GIVEN DATA ::
== Segment start ==

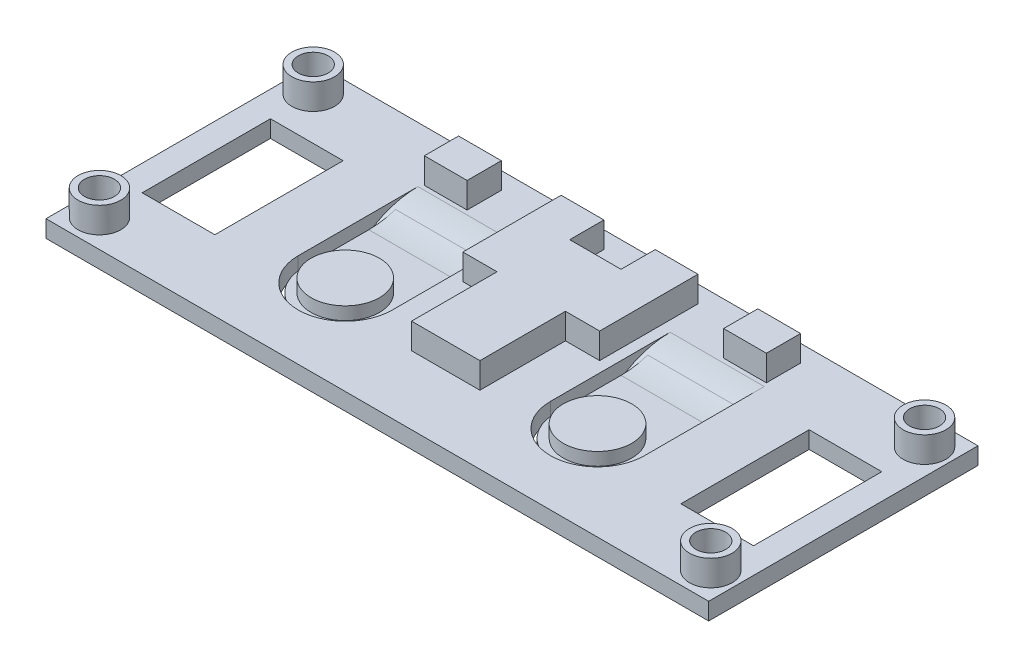
SolidWorks part; units mm, degrees
material "ABS"
ref_plane "Front Plane" through (0, 0, 0) normal (0, 0, 1) x (1, 0, 0)
ref_plane "Top Plane" through (0, 0, 0) normal (0, 1, 0) x (1, 0, 0)
ref_plane "Right Plane" through (0, 0, 0) normal (1, 0, 0) x (0, 0, -1)
sketch "Sketch1" plane through (0, 0, 0) normal (0, 1, 0) x (1, 0, 0)
  line L0 (0, 15.75) -> (0, -15.75) construction
  line L1 (-38.75, 15.75) -> (38.75, 15.75)
  line L2 (-38.75, 15.75) -> (-38.75, -15.75)
  line L3 (-38.75, -15.75) -> (38.75, -15.75)
  line L4 (38.75, 15.75) -> (38.75, -15.75)
  dimension "D1" = 77.5
  dimension "D2" = 31.5
extrude "Boss-Extrude1" add sketch "Sketch1" along normal blind 2
sketch "Sketch2" plane through (0, 2, 0) normal (0, 1, 0) x (1, 0, 0)
  line L0 (-38.75, 0) -> (39, 0) construction
  line L1 (-38.75, 15.75) -> (-38.75, -15.75) construction
  line L2 (39, -16) -> (39, 16) construction
  line L3 (0, 15.75) -> (0, -16) construction
  line L4 (38.75, 15.75) -> (-38.75, 15.75) construction
  line L5 (-39, -16) -> (39, -16) construction
  circle A0 centre (-35.75, 12.5) radius 1.75
  circle A1 centre (-35.75, -12.5) radius 1.75
  circle A2 centre (35.75, -12.5) radius 1.75
  circle A3 centre (35.75, 12.5) radius 1.75
  dimension "D1" = 3.5
extrude "Cut-Extrude1" cut sketch "Sketch2" against normal through all both and the other way through all
sketch "Sketch3" plane through (0, 2, 0) normal (0, 1, 0) x (1, 0, 0)
  line L0 (0, 15.75) -> (0, -15.75) construction
  line L1 (38.75, 15.75) -> (-38.75, 15.75) construction
  line L2 (-38.75, -15.75) -> (38.75, -15.75) construction
  line L3 (-38.75, 0) -> (38.75, 0) construction
  line L4 (27.25, 7.5) -> (35.75, 7.5)
  line L5 (27.25, 7.5) -> (27.25, -7.5)
  line L6 (27.25, -7.5) -> (35.75, -7.5)
  line L7 (35.75, 7.5) -> (35.75, -7.5)
  line L8 (-38.75, 15.75) -> (-38.75, -15.75) construction
  line L9 (38.75, -15.75) -> (38.75, 15.75) construction
  line L10 (31.5, 7.5) -> (31.5, -7.5) construction
  line L11 (-31.5, 7.5) -> (-31.5, -7.5) construction
  line L12 (-35.75, 7.5) -> (-35.75, -7.5)
  line L13 (-27.25, -7.5) -> (-35.75, -7.5)
  line L14 (-27.25, 7.5) -> (-27.25, -7.5)
  line L15 (-27.25, 7.5) -> (-35.75, 7.5)
  point P18 (31.5, 0)
  dimension "D1" = 8.5
  dimension "D2" = 15
  dimension "D3" = 27.25
extrude "Cut-Extrude2" cut sketch "Sketch3" against normal through all both and the other way through all
sketch "Sketch4" plane through (0, 2, 0) normal (0, 1, 0) x (1, 0, 0)
  circle A1 centre (-35.75, 12.5) radius 1.75 construction
  circle A2 centre (-35.75, 12.5) radius 2.5
  circle A3 centre (-35.75, 12.5) radius 2.5
  circle A4 centre (-35.75, 12.5) radius 1.75
  dimension "D1" = 0.75
extrude "Boss-Extrude2" add sketch "Sketch4" along normal blind 3
mirror "Mirror1" about plane through (0, 0, 0) normal (0, 0, 1) of "Boss-Extrude2"
mirror "Mirror2" about plane through (0, 0, 0) normal (1, 0, 0) of "Mirror1", "Boss-Extrude2"
sketch "Sketch5" plane through (0, 2, 0) normal (0, 1, 0) x (1, 0, 0)
  line L0 (0, 15.75) -> (0, -15.75) construction
  line L1 (38.75, 15.75) -> (-38.75, 15.75) construction
  line L2 (-38.75, -15.75) -> (38.75, -15.75) construction
  line L3 (14.75, -15.75) -> (14.75, 15.75) construction
  line L4 (38.75, -15.75) -> (38.75, 15.75) construction
  line L5 (19.75, -4.75) -> (19.75, 3.25)
  line L6 (9.75, -4.75) -> (9.75, 3.25)
  line L7 (9.75, 3.25) -> (19.75, 3.25) construction
  line L8 (9.25, -4.75) -> (9.25, 3.25)
  line L9 (20.25, -4.75) -> (20.25, 3.25)
  line L10 (9.25, 3.25) -> (9.75, 3.25)
  line L11 (19.75, 3.25) -> (20.25, 3.25)
  line L12 (-9.75, 3.25) -> (-19.75, 3.25) construction
  line L13 (-19.75, 3.25) -> (-20.25, 3.25)
  line L14 (-9.25, 3.25) -> (-9.75, 3.25)
  line L15 (-20.25, -4.75) -> (-20.25, 3.25)
  line L16 (-9.25, -4.75) -> (-9.25, 3.25)
  line L17 (-9.75, -4.75) -> (-9.75, 3.25)
  line L18 (-19.75, -4.75) -> (-19.75, 3.25)
  arc A0 (9.75, -4.75) -> (19.75, -4.75) centre (14.75, -4.75) ccw
  arc A1 (9.25, -4.75) -> (20.25, -4.75) centre (14.75, -4.75) ccw
  arc A2 (-9.25, -4.75) -> (-20.25, -4.75) centre (-14.75, -4.75) cw
  arc A3 (-9.75, -4.75) -> (-19.75, -4.75) centre (-14.75, -4.75) cw
  dimension "D2" = 10
  dimension "D1" = 24
  dimension "D3" = 11
  dimension "D4" = 8
  dimension "D5" = 0.5
extrude "Cut-Extrude3" cut sketch "Sketch5" against normal blind 3.5
sketch "Sketch6" plane through (0, 2, 0) normal (0, 1, 0) x (1, 0, 0)
  line L0 (0, 2.25) -> (0, -7.75) construction
  line L1 (-4, 2.25) -> (4, 2.25)
  line L2 (-4, 2.25) -> (-4, -7.75)
  line L3 (-4, -7.75) -> (4, -7.75)
  line L4 (4, 2.25) -> (4, -7.75)
  line L5 (5.5, 15.75) -> (5.5, -15.75) construction
  line L6 (38.75, 15.75) -> (-38.75, 15.75) construction
  line L7 (-38.75, -15.75) -> (38.75, -15.75) construction
  line L8 (3, 11.75) -> (8, 11.75) construction
  line L9 (3, 13.75) -> (8, 13.75)
  line L10 (3, 13.75) -> (3, 9.75)
  line L11 (3, 9.75) -> (8, 9.75)
  line L12 (8, 13.75) -> (8, 9.75)
  line L13 (11.5, -15.75) -> (11.5, 15.75) construction
  line L14 (20, 9.75) -> (15, 9.75)
  line L15 (20, 13.75) -> (20, 9.75)
  line L16 (20, 13.75) -> (15, 13.75)
  line L17 (15, 13.75) -> (15, 9.75)
  line L18 (-11.5, -15.75) -> (-11.5, 15.75) construction
  line L19 (-3, 11.75) -> (-8, 11.75) construction
  line L20 (-5.5, 15.75) -> (-5.5, -15.75) construction
  line L21 (-15, 13.75) -> (-15, 9.75)
  line L22 (-20, 13.75) -> (-15, 13.75)
  line L23 (-20, 13.75) -> (-20, 9.75)
  line L24 (-20, 9.75) -> (-15, 9.75)
  line L25 (-8, 13.75) -> (-8, 9.75)
  line L26 (-3, 9.75) -> (-8, 9.75)
  line L27 (-3, 13.75) -> (-3, 9.75)
  line L28 (-3, 13.75) -> (-8, 13.75)
  point P19 (5.5, 11.75)
  point P40 (4, 2.6925)
  point P42 (10, 3.5397)
  point P43 (0, 0)
  dimension "D1" = 8
  dimension "D2" = 8
  dimension "D3" = 5
  dimension "D4" = 2
  dimension "D5" = 4
  dimension "D6" = 3
  dimension "D7" = 6
  dimension "D8" = 10
extrude "Boss-Extrude3" add sketch "Sketch6" along normal up to surface (3 mm away) up to face at (-35.75, 5, -10)
sketch "Sketch7" plane through (0, 2, 0) normal (0, 1, 0) x (1, 0, 0)
  line L0 (8, 9.75) -> (8, 13.75) construction
  line L1 (-8, 9.75) -> (8, 9.75)
  line L2 (-8, 9.75) -> (-8, 2.25)
  line L3 (-8, 2.25) -> (8, 2.25)
  line L4 (8, 9.75) -> (8, 2.25)
  line L5 (4, 2.25) -> (-4, 2.25) construction
extrude "Boss-Extrude4" add sketch "Sketch7" along normal up to surface (3 mm away) up to face at (0, 5, 2.75)
sketch "Sketch8" plane through (0, 2, 0) normal (0, 1, 0) x (1, 0, 0)
  line L0 (-9.75, 3.25) -> (-9.75, -4.75) construction
  line L1 (-19.75, -4.75) -> (-19.75, 3.25) construction
  line L2 (-9.75, 3.25) -> (-9.75, -4.75)
  line L3 (-19.75, -4.75) -> (-19.75, 3.25)
  line L4 (-19.75, 3.25) -> (-9.75, 3.25)
  line L5 (0, -16.3364) -> (0, 15.75) construction
  line L6 (38.75, 15.75) -> (-38.75, 15.75) construction
  line L7 (19.75, 3.25) -> (9.75, 3.25)
  line L8 (19.75, -4.75) -> (19.75, 3.25)
  line L9 (9.75, 3.25) -> (9.75, -4.75)
  arc A0 (-19.75, -4.75) -> (-9.75, -4.75) centre (-14.75, -4.75) ccw construction
  arc A1 (-19.75, -4.75) -> (-9.75, -4.75) centre (-14.75, -4.75) ccw
  arc A2 (19.75, -4.75) -> (9.75, -4.75) centre (14.75, -4.75) cw
extrude "Cut-Extrude4" cut sketch "Sketch8" against normal blind 1
fillet "Fillet1" radius 10 2 edges at (14.75, 2, -3.25) (-14.75, 2, -3.25)
fillet "Fillet2" radius 10 2 edges at (-14.75, 1, -4.8911) (14.75, 1, -4.8911)
sketch "Sketch9" plane through (0, 1, 0) normal (0, 1, 0) x (1, 0, 0)
  line L0 (0, 16.0456) -> (0, -23.9554) construction
  circle A0 centre (14.75, -4.75) radius 4
  arc A1 (9.75, -4.75) -> (19.75, -4.75) centre (14.75, -4.75) ccw construction
  circle A2 centre (-14.75, -4.75) radius 4
  dimension "D1" = 8
extrude "Boss-Extrude6" add sketch "Sketch9" along normal blind 1.5
sketch "Sketch11" plane through (0, 0, 0) normal (0, -1, 0) x (1, 0, 0)
  line L0 (26.75, -5) -> (20.0794, -5) construction
  line L1 (26.75, -15.75) -> (26.75, 15.75) construction
  line L2 (38.75, -15.75) -> (-38.75, -15.75) construction
  line L3 (-38.75, 15.75) -> (38.75, 15.75) construction
  line L4 (4.8973, 0) -> (-5.0855, 0) construction
  line L5 (27.25, -7.5) -> (27.25, 7.5) construction
  line L6 (35.75, -7.5) -> (27.25, -7.5) construction
  text T0 "RECORD" font "Century Gothic" height 1
  dimension "D1" = 0.5
  dimension "D2" = 2.5

== Segment end ==

YOUR ASSIGNMENT :: Output exactly the span of lines from the top of the listing through the line holding "line L7 (35.75, 7.5) -> (35.75, -7.5)", and leave every picture out.

RESPONSE TO THIS TASK ::
SolidWorks part; units mm, degrees
material "ABS"
ref_plane "Front Plane" through (0, 0, 0) normal (0, 0, 1) x (1, 0, 0)
ref_plane "Top Plane" through (0, 0, 0) normal (0, 1, 0) x (1, 0, 0)
ref_plane "Right Plane" through (0, 0, 0) normal (1, 0, 0) x (0, 0, -1)
sketch "Sketch1" plane through (0, 0, 0) normal (0, 1, 0) x (1, 0, 0)
  line L0 (0, 15.75) -> (0, -15.75) construction
  line L1 (-38.75, 15.75) -> (38.75, 15.75)
  line L2 (-38.75, 15.75) -> (-38.75, -15.75)
  line L3 (-38.75, -15.75) -> (38.75, -15.75)
  line L4 (38.75, 15.75) -> (38.75, -15.75)
  dimension "D1" = 77.5
  dimension "D2" = 31.5
extrude "Boss-Extrude1" add sketch "Sketch1" along normal blind 2
sketch "Sketch2" plane through (0, 2, 0) normal (0, 1, 0) x (1, 0, 0)
  line L0 (-38.75, 0) -> (39, 0) construction
  line L1 (-38.75, 15.75) -> (-38.75, -15.75) construction
  line L2 (39, -16) -> (39, 16) construction
  line L3 (0, 15.75) -> (0, -16) construction
  line L4 (38.75, 15.75) -> (-38.75, 15.75) construction
  line L5 (-39, -16) -> (39, -16) construction
  circle A0 centre (-35.75, 12.5) radius 1.75
  circle A1 centre (-35.75, -12.5) radius 1.75
  circle A2 centre (35.75, -12.5) radius 1.75
  circle A3 centre (35.75, 12.5) radius 1.75
  dimension "D1" = 3.5
extrude "Cut-Extrude1" cut sketch "Sketch2" against normal through all both and the other way through all
sketch "Sketch3" plane through (0, 2, 0) normal (0, 1, 0) x (1, 0, 0)
  line L0 (0, 15.75) -> (0, -15.75) construction
  line L1 (38.75, 15.75) -> (-38.75, 15.75) construction
  line L2 (-38.75, -15.75) -> (38.75, -15.75) construction
  line L3 (-38.75, 0) -> (38.75, 0) construction
  line L4 (27.25, 7.5) -> (35.75, 7.5)
  line L5 (27.25, 7.5) -> (27.25, -7.5)
  line L6 (27.25, -7.5) -> (35.75, -7.5)
  line L7 (35.75, 7.5) -> (35.75, -7.5)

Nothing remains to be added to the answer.